PAR sheets are naturally designed for casinos running thousands of machines with hundreds of customers 24/7, and as such they typically offer 2-tailed confidence intervals at a low degree of confidence. For the home-user, confidence intervals can key in telling users to how rare certain hot/cold sessions are, give them a sense on how many credits they could feasibly win during a session, evaluate a machine's volatility, etc.

Every (IGT) PAR sheet comes with a volatility index, but it's important to recognize this number is specific to the confidence interval used. Usually this is 90%, which means 5% of the time the result will be above the interval, and 5% of the time the result will be below it.

To find the raw multiplier, divide the VI by the z-score @ the level of confidence. You can find the z-score here

So for a hypothetical VI of 20 @ 90%:

20/1.65 = 12.12 (i'm an autist and typically use more decimals, this is just an example)

Let's say 90% isn't enough -- we want to see what range the machine will be in 98% of the time:

Lookup the two-tailed z-score for 98% (2.33)

Multiply (2.33) with our base multiplier (12.12) = 28.24. This number is your new Volatility Index.

To find the confidence interval, use the following formula:

Payback % +/- (VI/(square root of(# of spins)))

If our machine has a 95% payback, the confidence interval for 1,000 spins is as follows:

.95 +/- (28.24/sqrt(1,000))
.95 +/- (28.24/31.62)
.95 +/- .8931

Over 1,000 spins, 1% of the time this imaginary machine will return less than 5.69% of what is run through the machine. Over 1,000 spins, 1% of the time the machine will return more than 184.31% of what is run through the machine.

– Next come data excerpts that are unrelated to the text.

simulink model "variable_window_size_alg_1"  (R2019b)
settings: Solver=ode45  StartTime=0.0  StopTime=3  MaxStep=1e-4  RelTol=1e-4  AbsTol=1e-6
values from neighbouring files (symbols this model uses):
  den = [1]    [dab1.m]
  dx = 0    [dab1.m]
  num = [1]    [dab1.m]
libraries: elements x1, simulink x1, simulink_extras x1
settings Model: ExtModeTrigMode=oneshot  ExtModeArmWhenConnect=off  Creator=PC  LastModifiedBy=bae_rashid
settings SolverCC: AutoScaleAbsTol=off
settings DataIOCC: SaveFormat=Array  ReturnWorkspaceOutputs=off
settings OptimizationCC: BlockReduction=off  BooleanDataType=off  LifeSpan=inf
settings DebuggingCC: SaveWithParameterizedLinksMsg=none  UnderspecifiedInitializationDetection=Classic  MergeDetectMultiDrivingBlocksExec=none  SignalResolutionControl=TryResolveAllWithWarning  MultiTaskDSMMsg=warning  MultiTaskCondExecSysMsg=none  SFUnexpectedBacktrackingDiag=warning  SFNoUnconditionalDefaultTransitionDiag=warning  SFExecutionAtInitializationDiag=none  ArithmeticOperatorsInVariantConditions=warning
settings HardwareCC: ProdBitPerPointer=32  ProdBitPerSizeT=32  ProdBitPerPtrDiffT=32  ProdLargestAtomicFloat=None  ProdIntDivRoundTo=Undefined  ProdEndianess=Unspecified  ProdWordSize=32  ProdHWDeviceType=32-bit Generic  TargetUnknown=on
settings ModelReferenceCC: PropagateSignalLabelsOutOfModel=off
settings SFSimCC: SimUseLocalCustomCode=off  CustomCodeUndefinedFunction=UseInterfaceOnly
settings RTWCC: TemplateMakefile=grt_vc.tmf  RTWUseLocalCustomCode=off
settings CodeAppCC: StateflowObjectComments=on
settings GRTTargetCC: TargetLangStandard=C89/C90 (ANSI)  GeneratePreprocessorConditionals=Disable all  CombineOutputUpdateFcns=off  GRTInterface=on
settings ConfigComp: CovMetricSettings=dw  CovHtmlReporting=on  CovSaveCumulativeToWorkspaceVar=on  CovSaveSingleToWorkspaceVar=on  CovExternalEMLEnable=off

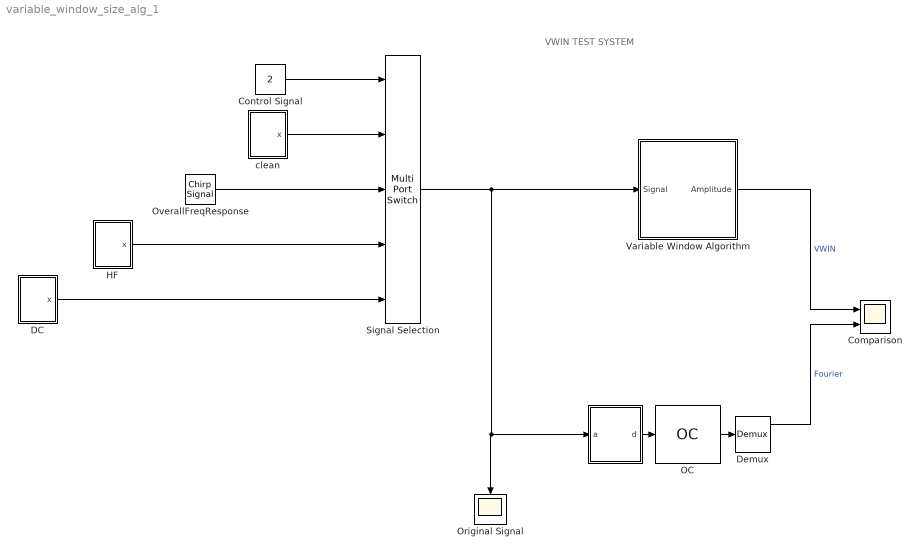
== system variable_window_size_alg_1 ==
  note: VWIN TEST SYSTEM
  "  " : Subsystem  mask(Data Adquisition Board){filter=on, approx=Butterworth, order=3, numerator=[], denominator=[], freq=180, resdis=on, vertres=8, xmax=100, winsize=60, G=1.0, fs=60*60}
      mask prompts: filter "Disable Analog Filter"; approx "Filter approximation"; numerator "Free expression filter: numerator(descending order of s)"; denominator "Free expression filter: denominator:"; freq "Cut-off frequency"; resdis "Disable Vertical Resolution"; vertres "Vertical Resolution: No. of bits"; xmax "Vertical Resolution: signal range"; winsize "Window size"; G "Gain"; fs "Sampling frequency"
      mask help: Takes the instantaneous value of the input signal and convert it to the data window of samples.
      mask init:
      | dab1
      mask TypeOptions approx: Bessel | Tschebyscheff | Butterworth | free expression
      mask TypeOptions order: 2 | 3 | 4
      mask TypeOptions vertres: 8 | 12 | 16
      mask Display: disp('DAB')
  Comparison : Scope  NumInputPorts=2
  Control Signal : Constant  Value=2
  DC : Subsystem  mask(Signal Generator){A1=10, f1=60, A2=0, f2=2*60, A3=0, f3=5*60, tstart=1.5/60, phase1=pi/4*1, bias=5}
      mask prompts: A1 "Amplitude 1"; f1 "Frequency 1 [Hz]"; A2 "Amplitude 2"; f2 "Frequency 2 [Hz]"; A3 "Amplitude 3"; f3 "Frequency 3 [Hz]"; tstart "Start time [sec]"; phase1 "Phase 1"
  Demux : Demux  Outputs=2
  HF : Subsystem  mask(Signal Generator){A1=10, f1=60, A2=3, f2=2*60, A3=2, f3=3*60, tstart=1.5/60, phase1=pi/4*1, bias=0}
      mask prompts: A1 "Amplitude 1"; f1 "Frequency 1 [Hz]"; A2 "Amplitude 2"; f2 "Frequency 2 [Hz]"; A3 "Amplitude 3"; f3 "Frequency 3 [Hz]"; tstart "Start time [sec]"; phase1 "Phase 1"
  OC : elements/OC  tfilt=Fourier  rfilt=[ ]  ifilt=[ ]  tlen=half  N1=60
  Original Signal : Scope
  OverallFreqResponse : simulink/Sources/Chirp Signal  f1=0  T=3  f2=180
  Signal Selection : MultiPortSwitch  Inputs=4
  Variable Window Algorithm : Subsystem  mask{sr=60*60, ws_start=60, ws_end=60, t_switch=0.2}
      mask prompts: sr "Sampling Rate [Hz]"; ws_start "Initial Window Size [# of Samples]"; ws_end "Final Window Size [# of Samples]"; t_switch "Time to extend window [sec]"
  clean : Subsystem  mask(Signal Generator){A1=10, f1=60, A2=0, f2=2*60, A3=0, f3=5*60, tstart=1.5/60, phase1=pi/4*1, bias=0}
      mask prompts: A1 "Amplitude 1"; f1 "Frequency 1 [Hz]"; A2 "Amplitude 2"; f2 "Frequency 2 [Hz]"; A3 "Amplitude 3"; f3 "Frequency 3 [Hz]"; tstart "Start time [sec]"; phase1 "Phase 1"
  wires:
  Control Signal/1 -> Signal Selection/1
  clean/1(x) -> Signal Selection/2
  OverallFreqResponse/1 -> Signal Selection/3
  HF/1(x) -> Signal Selection/4
  DC/1(x) -> Signal Selection/5
  "  "/1(d) -> OC/1
  OC/1 -> Demux/1
  Demux/1 -> Comparison/2  "Fourier"
  Signal Selection/1 -> Original Signal/1, "  "/1(a), Variable Window Algorithm/1(Signal)
  Variable Window Algorithm/1(Amplitude) -> Comparison/1  "VWIN"

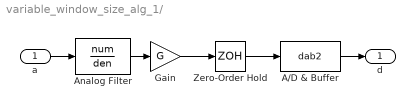
== system variable_window_size_alg_1/   ==
  a : Inport
  A/D & Buffer : S-Function  FunctionName=dab2  Parameters=winsize,fs,dx,resdis  SFunctionDeploymentMode=off  EnableBusSupport=off
  Analog Filter : TransferFcn  Numerator=num  Denominator=den
  Gain : Gain  Gain=G  SaturateOnIntegerOverflow=on  OutDataTypeStr=Inherit: Same as input  ParamDataTypeStr=Inherit: Same as input
  Zero-Order Hold : ZeroOrderHold  SampleTime=1/fs
  d : Outport  InitialOutput=[zeros(winsize,1)]
  wires:
  Analog Filter/1 -> Gain/1
  Gain/1 -> Zero-Order Hold/1
  Zero-Order Hold/1 -> A/D & Buffer/1
  a/1 -> Analog Filter/1
  A/D & Buffer/1 -> d/1

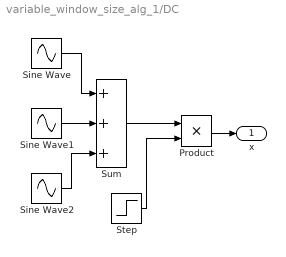
== system variable_window_size_alg_1/DC ==
  Product : Product  SaturateOnIntegerOverflow=on  RndMeth=Zero  InputSameDT=on  OutDataTypeStr=Inherit: Same as first input
  Sine Wave : Sin  Amplitude=A1  Bias=bias  Frequency=f1*2*pi  Phase=phase1  SampleTime=0
  Sine Wave1 : Sin  Amplitude=A2  Bias=bias  Frequency=f2*2*pi  Phase=phase1  SampleTime=0
  Sine Wave2 : Sin  Amplitude=A3  Bias=bias  Frequency=f3*2*pi  Phase=phase1  SampleTime=0
  Step : Step  Time=tstart
  Sum : Sum  Inputs=+++  SaturateOnIntegerOverflow=on  InputSameDT=on  OutDataTypeStr=Inherit: Same as first input
  x : Outport  InitialOutput=0
  wires:
  Sine Wave/1 -> Sum/1
  Sine Wave1/1 -> Sum/2
  Sine Wave2/1 -> Sum/3
  Sum/1 -> Product/1
  Step/1 -> Product/2
  Product/1 -> x/1

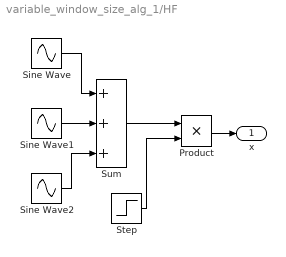
== system variable_window_size_alg_1/HF ==
  Product : Product  SaturateOnIntegerOverflow=on  RndMeth=Zero  InputSameDT=on  OutDataTypeStr=Inherit: Same as first input
  Sine Wave : Sin  Amplitude=A1  Bias=bias  Frequency=f1*2*pi  Phase=phase1  SampleTime=0
  Sine Wave1 : Sin  Amplitude=A2  Bias=bias  Frequency=f2*2*pi  Phase=phase1  SampleTime=0
  Sine Wave2 : Sin  Amplitude=A3  Bias=bias  Frequency=f3*2*pi  Phase=phase1  SampleTime=0
  Step : Step  Time=tstart
  Sum : Sum  Inputs=+++  SaturateOnIntegerOverflow=on  InputSameDT=on  OutDataTypeStr=Inherit: Same as first input
  x : Outport  InitialOutput=0
  wires:
  Sine Wave/1 -> Sum/1
  Sine Wave1/1 -> Sum/2
  Sine Wave2/1 -> Sum/3
  Sum/1 -> Product/1
  Step/1 -> Product/2
  Product/1 -> x/1

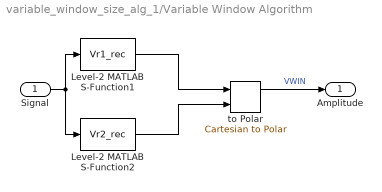
== system variable_window_size_alg_1/Variable Window Algorithm ==
  Signal : Inport
  Level-2 MATLAB S-Function1 : M-S-Function  FunctionName=Vr1_rec  Parameters=sr,ws_start,ws_end,t_switch
  Level-2 MATLAB S-Function2 : M-S-Function  FunctionName=Vr2_rec  Parameters=sr,ws_start,ws_end,t_switch
  to Polar : simulink_extras/Transformations/Cartesian to Polar
      settings: SourceProductName=Simulink
  Amplitude : Outport
  wires:
  Signal/1 -> Level-2 MATLAB S-Function1/1, Level-2 MATLAB S-Function2/1
  Level-2 MATLAB S-Function1/1 -> to Polar/1
  Level-2 MATLAB S-Function2/1 -> to Polar/2
  to Polar/1 -> Amplitude/1  "VWIN"

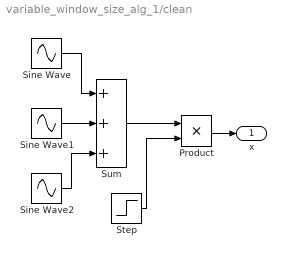
== system variable_window_size_alg_1/clean ==
  Product : Product  SaturateOnIntegerOverflow=on  RndMeth=Zero  InputSameDT=on  OutDataTypeStr=Inherit: Same as first input
  Sine Wave : Sin  Amplitude=A1  Bias=bias  Frequency=f1*2*pi  Phase=phase1  SampleTime=0
  Sine Wave1 : Sin  Amplitude=A2  Bias=bias  Frequency=f2*2*pi  Phase=phase1  SampleTime=0
  Sine Wave2 : Sin  Amplitude=A3  Bias=bias  Frequency=f3*2*pi  Phase=phase1  SampleTime=0
  Step : Step  Time=tstart
  Sum : Sum  Inputs=+++  SaturateOnIntegerOverflow=on  InputSameDT=on  OutDataTypeStr=Inherit: Same as first input
  x : Outport  InitialOutput=0
  wires:
  Sine Wave/1 -> Sum/1
  Sine Wave1/1 -> Sum/2
  Sine Wave2/1 -> Sum/3
  Sum/1 -> Product/1
  Step/1 -> Product/2
  Product/1 -> x/1

Hope this is helpful for users here, I'm not a math expert but let me know if you have any questions.

those percents are  based off 1 million spins paying back 95% , is that correct ,for you to come up with those percents, thx

what i dont like with the payback percent their is no set number of spins ,where it would have to pay back the percent, i was at fort erie they had all the wheel of fortune machine max limit $99,999 , the place closed the stores with those machines never paying the jackpots out,they were like that for years . $99,999 what a scam that is,they should be programmed to pay back percent based on so many spins,or how can you come out with the percent,not on its life time,what is the percent based on, heaven,,,,,,,,,,,,,,,,,,,,,,,,,,,,,,,,,,,,

If they had to pay after a certain number of spins, then it wouldn't be "random" would it.  To be classified as a class 3 machine and pass jurisdictional approval, all events must be as "random" as technically possible.  While a computer cannot really offer a "random" number since it must be calculated, enough variables are introduced into the seed calculation to make it as random as possible.  Some games have progressives that "must pay" by a certain amount (usually stated on the screen).  It is my understanding that the probability of hitting the progressive on these types of games increases based on the bet amount and the relative closeness to the jackpot limit. I have never seen one of these machines reach the limit and usually the progressive only increases when the machine pays a winning combo.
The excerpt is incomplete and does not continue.